*This problem is the hard version of the Token (Easy) problem. The hard version of the problem includes the variable \(\mathbf{K}\).*

Ada wants to buy \(\mathbf{N}\) different kinds of products. She is going to buy i'th product \(\mathbf{a_i}\) times. The owner of the wholesale store offers Ada, a great plan. Here's the plan:

The store owner gives Ada \(\mathbf{K^N}\) points. Ada will choose the unit price of each product, and it will be a positive integer. Selecting \(\mathbf{X}\) \((1\leq \mathbf{X}\leq\mathbf{N}\), \(\mathbf{X}\)∈ \(Z^{+}\)) as the unit price for a product, will cost Ada \(\mathbf{K^{(N-X)}}\) points.
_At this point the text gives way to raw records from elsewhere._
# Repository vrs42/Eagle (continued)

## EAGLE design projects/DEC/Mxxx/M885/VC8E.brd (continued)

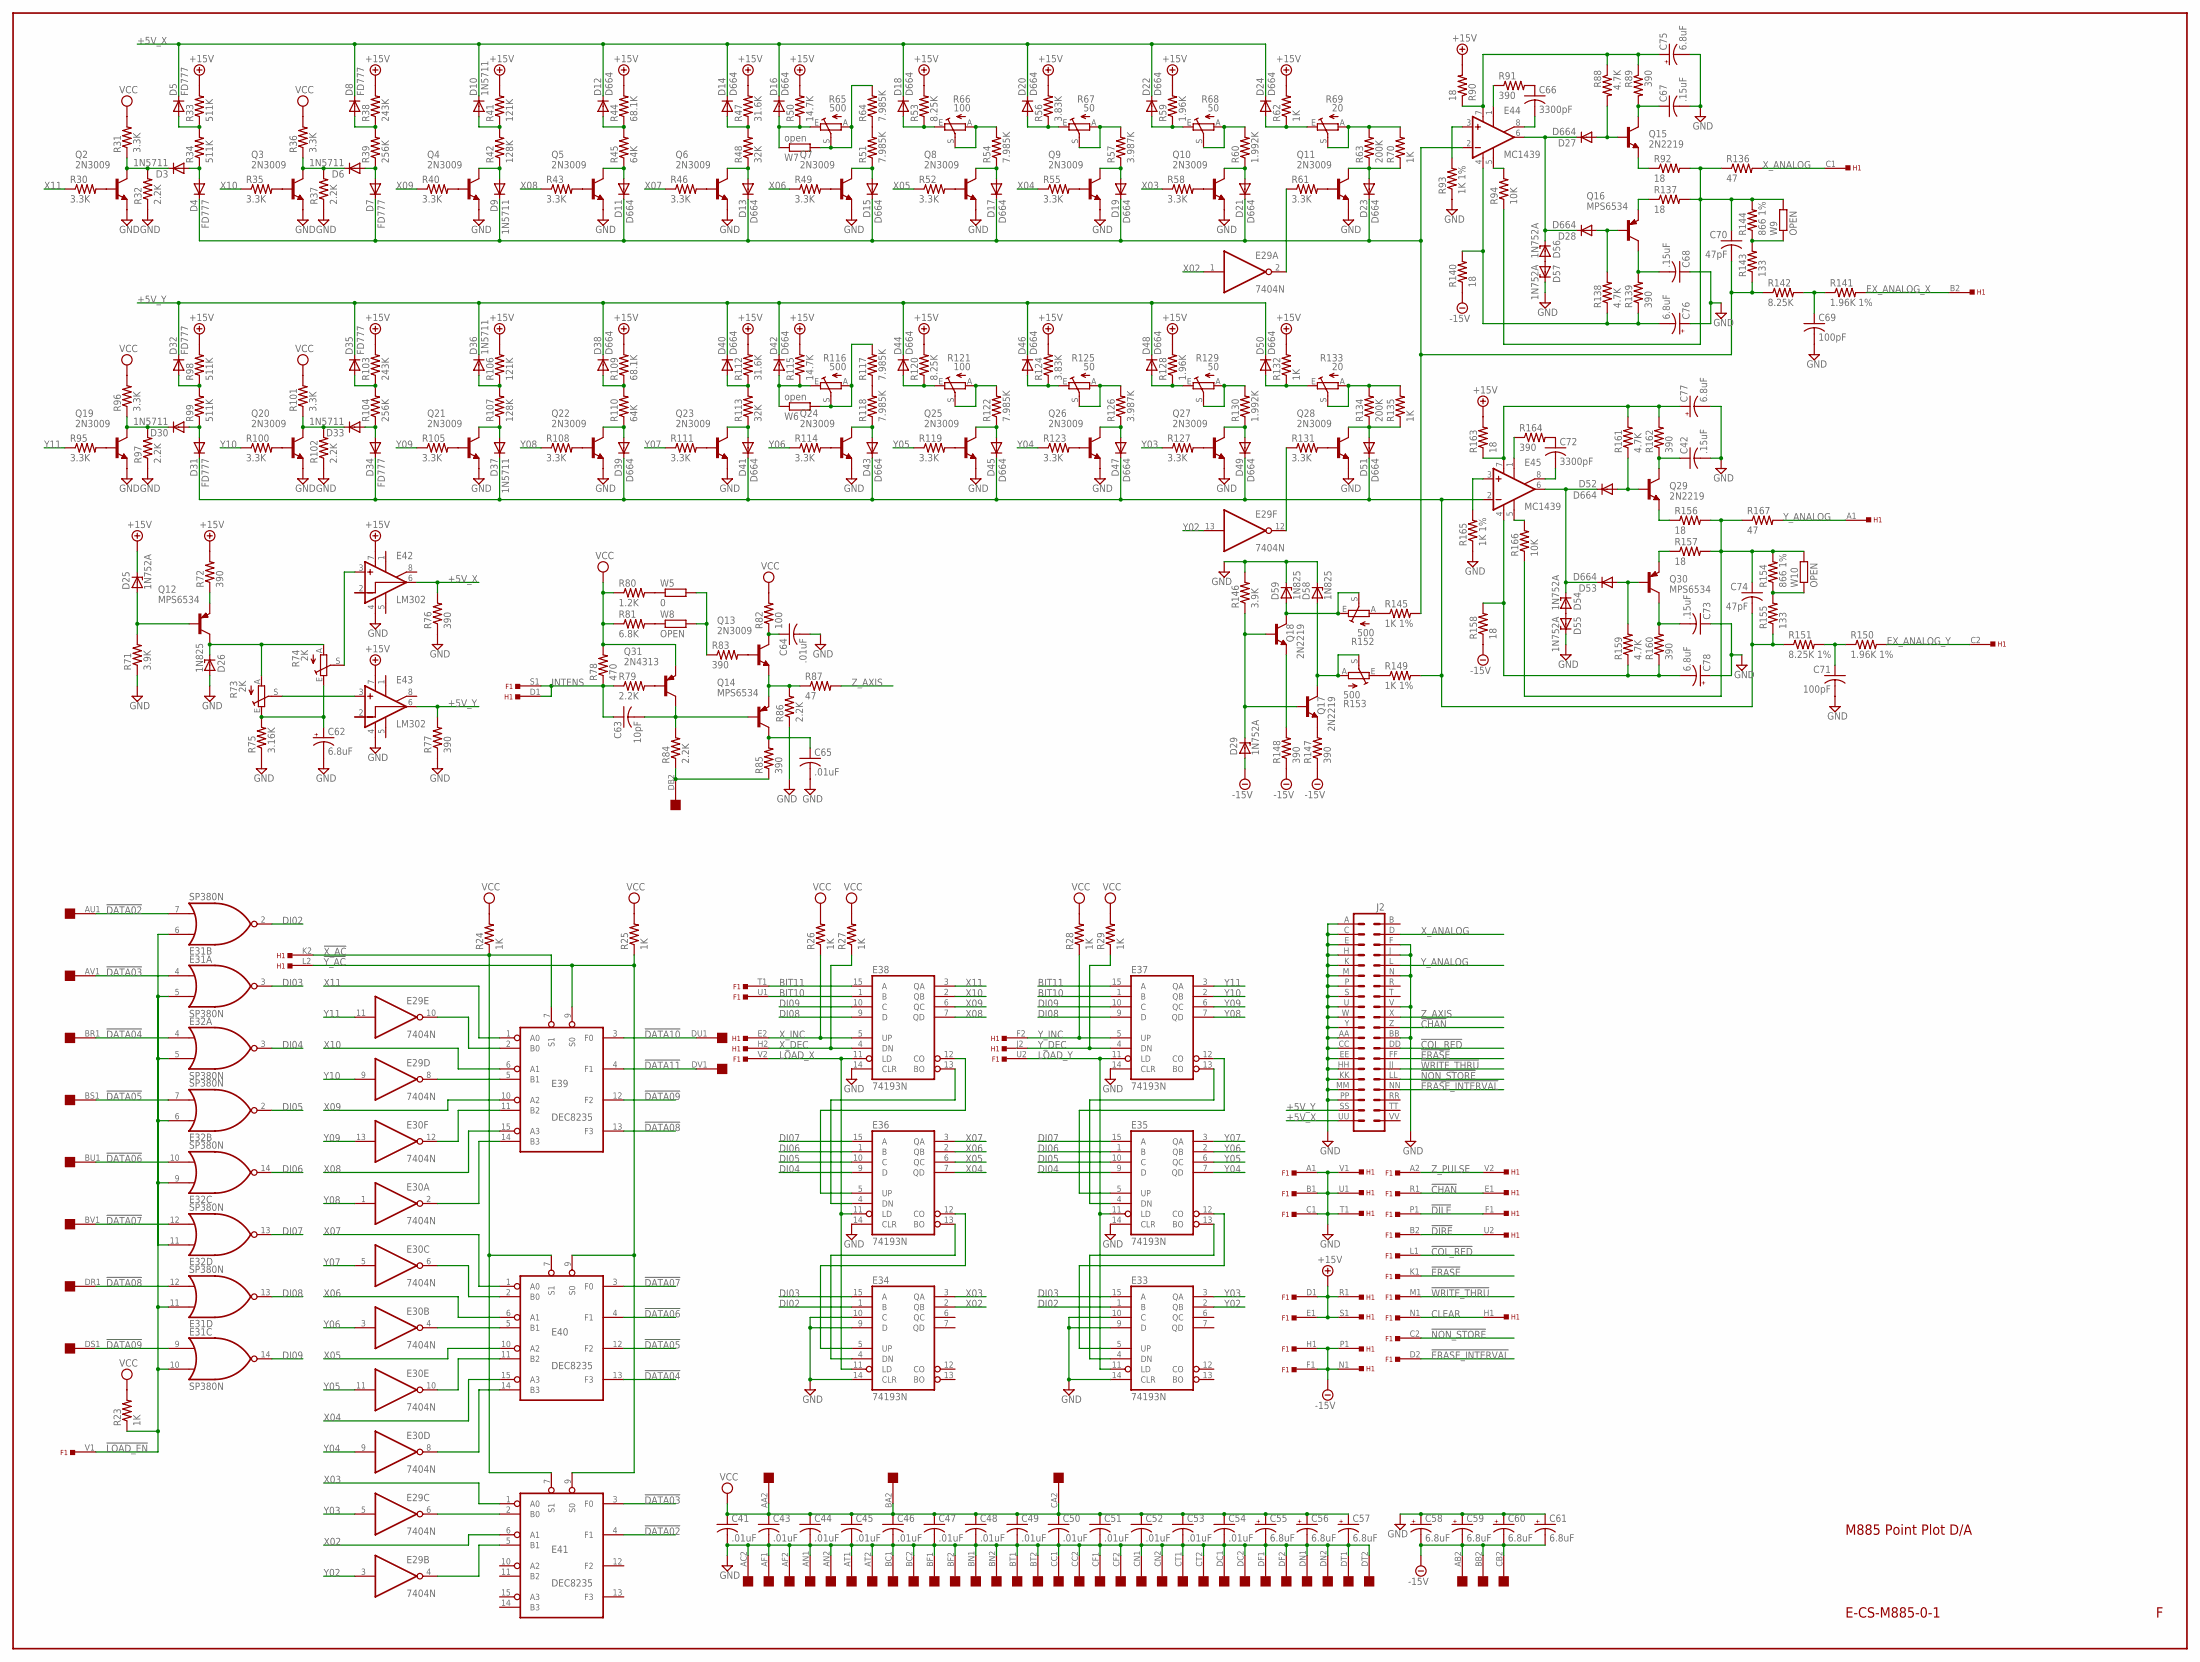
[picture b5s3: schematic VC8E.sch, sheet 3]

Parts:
C41, C43, C44, C45, C46, C47, C48, C49, C50, C51, C52, C53, C54, C64, C65: .01uF; C063-025X075
C42, C67, C68, C73: .15uF; C150-054X183
C55, C56, C57, C58, C59, C60, C61, C62, C75, C76, C77, C78: 6.8uF; E12-8
C63: 10pF; C063-025X075
C66, C72: 3300pF; C150-054X183
C69, C71: 100pF; C063-025X075
C70, C74: 47pF; C063-025X075
D3, D6, D9, D10, D30, D33, D36, D37: 1N5711; DO35-10
D4, D5, D7, D8, D31, D32, D34, D35: FD777; DO35-10
D11, D12, D13, D14, D15, D16, D17, D18, D19, D20, D21, D22, D23, D24, D27, D28, D38, D39, D40, D41, D42, D43, D44, D45, D46, D47, D48, D49, D50, D51, D52, D53: D664; DO35-10
D25, D29, D54, D55, D56, D57: 1N752A; DO35Z10
D26, D58, D59: 1N825; DO35Z10
E29, E30: 7404N; DIL14
E31, E32: SP380N; DIL14
E33, E34, E35, E36, E37, E38: 74193N; DIL16
E39, E40, E41: DEC8235; DIL16
E42, E43: LM302; TO99
E44, E45: MC1439; TO99
F1: EDGE-TOP; EDGE-CON2
H1: EDGE-TOP; EDGE-CON2
J2: DEC40PINH
OMNIBUS1: QUAD; EDGE-CON8
Q2, Q3, Q4, Q5, Q6, Q7, Q8, Q9, Q10, Q11, Q13, Q19, Q20, Q21, Q22, Q23, Q24, Q25, Q26, Q27, Q28: 2N3009; TO5
Q12, Q14, Q16, Q30: MPS6534; TO5
Q15, Q17, Q18, Q29: 2N2219; TO5
Q31: 2N4313; TO5
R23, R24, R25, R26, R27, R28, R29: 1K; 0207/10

Ada can use her points as she wishes, provided that these rules are followed.

What is the minimum total cost Ada should pay to buy all the products she needs?

#### Input

- The first line contains 2 integers:
- \(\mathbf{K}\leq\mathbf{N}\leq10^5\) (Number of different kinds of products Ada wants to buy)
- \(2\leq\mathbf{K}\leq 100\) (Base of Ada's total points)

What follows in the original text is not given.